Example using MLPRegressor:
import sklearn.neural_network
import numpy as np
np.random.seed(0)
x = np.linspace(-1, 1, num=50).reshape(-1, 1)
y = (x * 1.5 + 2).reshape(50,)
cold_model = sklearn.neural_network.MLPRegressor(hidden_layer_sizes=(), warm_start=False, max_iter=1)
warm_model = sklearn.neural_network.MLPRegressor(hidden_layer_sizes=(), warm_start=True, max_iter=1)
cold_model.fit(x,y)
print cold_model.coefs_, cold_model.intercepts_
#[array([[0.17009494]])] [array([0.74643783])]
cold_model.fit(x,y)
print cold_model.coefs_, cold_model.intercepts_
#[array([[-0.60819342]])] [array([-1.21256186])]
#after second run of .fit(), values are completely different
#because they were re-initialised before doing the second run for the cold model
warm_model.fit(x,y)
print warm_model.coefs_, warm_model.intercepts_
#[array([[-1.39815616]])] [array([1.651504])]
warm_model.fit(x,y)
print warm_model.coefs_, warm_model.intercepts_
#[array([[-1.39715616]])] [array([1.652504])]
#this time with the warm model, params change relatively little, as params were
#not re-initialised during second call to .fit()
cold_model.partial_fit(x,y)
print cold_model.coefs_, cold_model.intercepts_
#[array([[-0.60719343]])] [array([-1.21156187])]
cold_model.partial_fit(x,y)
print cold_model.coefs_, cold_model.intercepts_
#[array([[-0.60619347]])] [array([-1.21056189])]
#with partial_fit(), params barely change even for cold model,
#as no re-initialisation occurs
warm_model.partial_fit(x,y)
print warm_model.coefs_, warm_model.intercepts_
#[array([[-1.39615617]])] [array([1.65350392])]
warm_model.partial_fit(x,y)
print warm_model.coefs_, warm_model.intercepts_
#[array([[-1.39515619]])] [array([1.65450372])]
#and of course the same goes for the warm model
First, let us look at the difference between .fit() and .partial_fit().
.fit() would let you train from the scratch. Hence, you could think of this as a option that can be used only once for a model. If you call .fit() again with a new set of data, the model would be build on the new data and will have no influence of previous dataset.

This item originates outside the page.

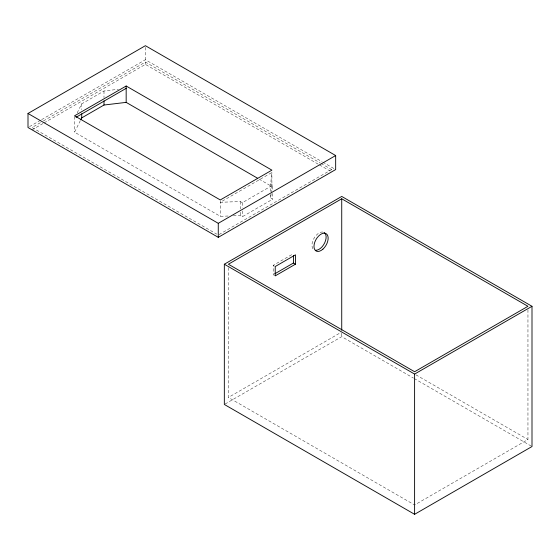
<?xml version="1.0" encoding="UTF-8"?>
<svg xmlns="http://www.w3.org/2000/svg" width="560" height="560" viewBox="0 0 560 560"><rect width="100%" height="100%" fill="white"/><g stroke="black" fill="none" stroke-linecap="round" stroke-linejoin="round"><path stroke-width="0.42" stroke-dasharray="2.8 2.1" d="M270.648 191.436L270.648 184.016L271.901 172.487L220.29 202.286L240.282 201.544L242.312 202.713L272.671 185.185L272.671 190.134M272.671 193.431L272.671 199.206L270.648 198.037L271.096 193.921M271.187 193.095L271.901 186.508L271.901 172.487M77.196 112.882L81.725 103.859L103.992 91.007L118.489 89.271M228.116 216.02L220.29 216.307L74.557 132.174L80.591 120.141M29.512 126.623L40.873 120.064M41.636 119.623L145.397 59.717L322.07 161.721M40.362 122.696L32.046 127.498L216.748 234.136M43.386 120.953L145.397 62.055L320.257 163.009M32.046 129.836L43.386 123.291M44.142 122.85L145.397 64.393L318.745 164.472M233.331 215.824L240.282 215.565L242.312 216.734L272.671 199.206M219.023 234.57L331.611 169.568L331.611 171.906M274.547 275.478L273.196 274.701L273.196 265.356L293.44 253.666M228.389 267.708L228.389 397.446L340.977 332.437M225.092 404.019L341.733 336.679L413.462 378.091M527.954 309.778L527.954 439.516L414.603 504.959L228.389 397.446M322.826 162.155L334.152 168.693M321.02 163.45L331.611 169.568M319.501 164.913L330.099 171.031M270.648 184.016L272.671 185.185M259.07 179.102L271.901 186.508M273.196 265.356L274.547 266.133M415.919 374.836L527.954 439.516M414.218 378.525L531.244 446.089M341.733 333.193L341.733 336.679M270.648 194.74L270.648 198.037M242.312 202.713L242.312 207.662M242.312 210.959L242.312 216.734M240.282 201.544L240.282 208.964M240.282 212.268L240.282 215.565M220.29 200.732L220.29 216.307M145.397 47.341L145.397 59.717M145.397 62.055L145.397 64.393M103.992 91.007L103.992 97.608M81.725 103.859L81.725 109.634M74.557 116.592L74.557 132.174M312.907 248.78A10.017 5.782 -60 0 1 314.734 237.146A10.017 5.782 -60 0 1 324.051 232.47"/><path stroke-width="0.84" d="M80.969 119.385L81.725 117.887L81.725 113.757M28 113.47L145.397 45.696L335.664 155.54L335.664 169.568L218.267 237.342L28 127.498L28 113.47L218.267 223.321L335.664 155.54M126.168 86.009L74.557 115.808L220.29 199.948L271.901 170.149L126.168 86.009L126.168 102.375L257.558 178.227M76.048 117.285L126.168 88.347M81.725 117.887L103.992 105.028L126.168 102.375M224.336 264.222L341.733 196.441L532 306.292L532 446.53L414.603 514.304L224.336 404.46L224.336 264.222L414.603 374.073L532 306.292M341.733 198.779L228.389 264.222L414.603 371.735L527.954 306.292L341.733 198.779L341.733 330.26M274.701 273.84L293.44 263.018L295.463 264.187L295.463 254.835L275.226 266.525L275.226 275.87L295.463 264.187M414.603 374.073L414.603 514.304M293.44 255.367L293.44 263.018M218.267 223.321L218.267 237.342M103.992 100.905L103.992 105.028M324.051 232.47A10.017 5.782 -60 0 1 324.667 242.886A10.017 5.782 -60 0 1 315.504 250.278M322.903 249.158A10.017 5.782 -60 0 0 326.081 233.639A10.017 5.782 -60 0 0 314.223 244.153A10.017 5.782 -60 0 0 322.903 249.158"/></g></svg>

.partial_fit() would let you update the model with incremental data. Hence, this option can be used more than once for a model. This could be useful, when the whole dataset cannot be loaded into the memory, refer here.
If both .fit() or .partial_fit() are going to be used once, then it makes no difference.
warm_start can be only used in .fit(), it would let you start the learning from the co-eff of previous fit(). Now it might sound similar to the purpose to partial_fit(), but recommended way would be partial_fit(). May be do the partial_fit() with same incremental data few number of times, to improve the learning.
About difference. Warm start it just an attribute of class. Partial fit it is method of this class. It's basically different things.
About same functionalities. Yes, partial fit will use self.coef_ because it still needed to get some values to update on training period. And for empty coef_init we just put zero values to self.coef_ and go to the next step of training.
Description.
For first start:
Whatever how (with or without warm start). We will train on zero coefficients but in result we will save average of our coefficients.
N+1 start:
With warm start. We will check via method _allocate_parameter_mem our previous coefficients and take it to train. In result save our average coefficients.
Without warm start. We will put zero coefficients (as first start) and go to training step. In result we will still write average coefficients to memory.